A couple of days ago, newly-elected governors of the All Progressives Congress (APC) went on a visit to the president-elect, General Muhammadu Buhari. Before they got there, there were speculations in the media as to what their mission to the president-elect would be. That visit threw up two questions for me: one, why were governors who are going to be chief executives of their states going to visit a newly-elected executive president, even when they had not been sworn in? Two, under what auspices were they visiting a president-elect who is going to assume presidential and executive powers in a fortnight, and who is going to preside over the dent of those who voted for him and those who didn’t?
But the answers to these questions didn’t take long in coming: ever since the days of the in-fighting among the governors forum of the Peoples Democratic Party (PDP), governors – recipients of public funds – became a force not to ignore at the centre.

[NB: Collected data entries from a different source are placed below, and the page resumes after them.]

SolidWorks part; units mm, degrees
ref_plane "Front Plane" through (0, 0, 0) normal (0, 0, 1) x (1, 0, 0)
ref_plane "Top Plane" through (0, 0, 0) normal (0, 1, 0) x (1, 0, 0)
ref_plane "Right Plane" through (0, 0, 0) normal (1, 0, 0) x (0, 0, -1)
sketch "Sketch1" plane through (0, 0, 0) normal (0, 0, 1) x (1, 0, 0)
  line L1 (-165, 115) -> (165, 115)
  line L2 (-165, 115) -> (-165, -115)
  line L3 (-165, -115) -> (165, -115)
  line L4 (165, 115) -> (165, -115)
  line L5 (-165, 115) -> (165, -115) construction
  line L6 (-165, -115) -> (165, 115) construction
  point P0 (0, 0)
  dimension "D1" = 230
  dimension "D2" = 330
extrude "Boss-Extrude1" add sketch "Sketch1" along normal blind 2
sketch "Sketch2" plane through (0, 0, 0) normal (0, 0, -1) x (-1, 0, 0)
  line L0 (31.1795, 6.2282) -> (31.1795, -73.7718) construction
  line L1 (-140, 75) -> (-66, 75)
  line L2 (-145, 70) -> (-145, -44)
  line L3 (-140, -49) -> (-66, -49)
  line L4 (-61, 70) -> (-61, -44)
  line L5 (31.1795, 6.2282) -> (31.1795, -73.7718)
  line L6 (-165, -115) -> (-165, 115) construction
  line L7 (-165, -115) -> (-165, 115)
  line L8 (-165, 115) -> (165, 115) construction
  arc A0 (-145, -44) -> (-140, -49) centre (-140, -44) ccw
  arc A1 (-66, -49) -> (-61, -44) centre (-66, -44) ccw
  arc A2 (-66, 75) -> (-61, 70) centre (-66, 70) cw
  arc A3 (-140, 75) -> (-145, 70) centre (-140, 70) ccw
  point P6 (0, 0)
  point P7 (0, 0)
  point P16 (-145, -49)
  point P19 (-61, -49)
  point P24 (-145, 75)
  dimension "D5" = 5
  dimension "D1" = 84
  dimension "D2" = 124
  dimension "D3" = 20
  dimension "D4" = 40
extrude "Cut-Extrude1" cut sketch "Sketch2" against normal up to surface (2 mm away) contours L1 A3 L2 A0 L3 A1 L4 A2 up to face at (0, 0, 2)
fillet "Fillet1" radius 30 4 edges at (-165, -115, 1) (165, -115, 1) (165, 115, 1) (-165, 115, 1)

They became semi-tin gods any serious-minded politician would ignore to his peril, and, to that extent, their visit to Buhari made some sense.
Though the media were awash with speculations and permutations of the agenda of that visit, and that the governors-elect were going to quietly make it clear to the president-elect that nothing will change their prerogative of nominating those who were going to form his cabinet, whether they were qualified or not, I still had my fears that qualification in being a cabinet member of the Buhari administration would be hinged on the politician’s ability to be primordial in the protection of interests skewed in favour of the man who has nominated them.
But I should have kept my fears and suspicions to myself. The governors did not go there to flex muscles. Rather, they went there to cry and wring their fingers over what they have alleged as the spending spree of the outgoing governors. According to the reports and statements credited to one of the governors-elect, the fact that the federal government had not paid April salaries is an indication that the economy was not healthy. “With the huge expectation from Nigerians and people who have voted us into power, we wonder. We are hoping that the president-elect will do whatever that is humanly possible to bring about a bail-out not only in the states but the federal government, at least for people to get their salaries and turn around the economy,” this governor-elect reportedly said.
About six months to the March and April general elections, politicians went on a spending spree on a scale never before experienced in the annals of electioneering in Nigeria. As a matter of fact, unverified figures being bandied in the public space say that the actual monies expended on the prosecution of the elections by both spectrums of the political divide ran into trillions of naira. While all of that was going on, oil prices dipped to an all-time low, fuelling fears that whoever won the election was going to inherit a bankrupt federal vault. But no one seemed to have cared about this. Most of the politicians who were falling over each other to take over the reins of power apparently are not in this because they have anything meaningful to contribute apart from the payment of salaries that they intend to pay to civil servants.
Figures from Organisation of the Petroleum Exporting Countries (OPEC) 2014 show that next to Libya, Russia and the United Arab Emiates (UAE), Nigeria has one of the greatest gas reserves in the world, at 79,626 million cubic metres, and for want of strong political will flares a staggering 12,112 million cubic metres. Of all the OPEC member states, Nigeria has the highest population of a people who will die before 60 despite the tremendous wealth accruing from having one of the highest Gross Domestic Product (GDP) market prices for her oil. This value of our oil sharply contrasted with countries like the UAE, Saudi Arabia and Kuwait which have export profiles that translate into earnings that rev the engine of development.
From 2013, daily production of oil in Nigeria nosedived and prices crashed significantly. Therefore, the fears that the governors-elect have gone to express to Buhari are truly unfortunate because nearly every top politician knows that Nigeria gets most of her income from oil exports. Most of it is stolen by these politicians, or frittered or stashed away in bank vaults overseas. A lot of the structures on the ground do not favour the use of this oil wealth to promote sustainable development, good governance, poverty alleviation or the capacity-building of Nigerians. Rather, it favours a ‘revenue-sharing’ formula where governors, like the fellow above, just wait till the end of the month to collect salaries for civil servants, with a large chunk of the monies going into their pockets. Is this how to become government? Is the business of government about paying civil servants salaries or about putting structures on the ground to promote economic activity?
Till now, I have often questioned the rationale behind blaming our leaders for the Nigerian predicament. But after I listened to the expression of failure from the governors-elect who went to wring their hands before an equally nervous president-elect, I am convinced there is truly failure of leadership in Nigeria. Our country ranks just 35 of the 52 nations of Africa, with a lower than average rating against countries like Ghana and South Africa. According to the Mo Ibrahim Index Country profile, Nigeria is not a business-friendly environment, has poor infrastructure and one of the least developed rural sectors in Africa. Human rights abuses are rampant, and women and children still live in fear for their personal safety and security.
The above – issues of accountability, national security, gender empowerment, a strong economy – are the challenges currently facing Nigeria not the payment of salaries. If those who have been voted in do not realise this, then immediately we are confronted with a situation where buck-passing and hand-wringing would characterise the failures that an overly reliance on easy money from oil brings.
• Etemiku is communications manager with Africa Network for Environment and Economic Justice, ANEEJ, Benin City.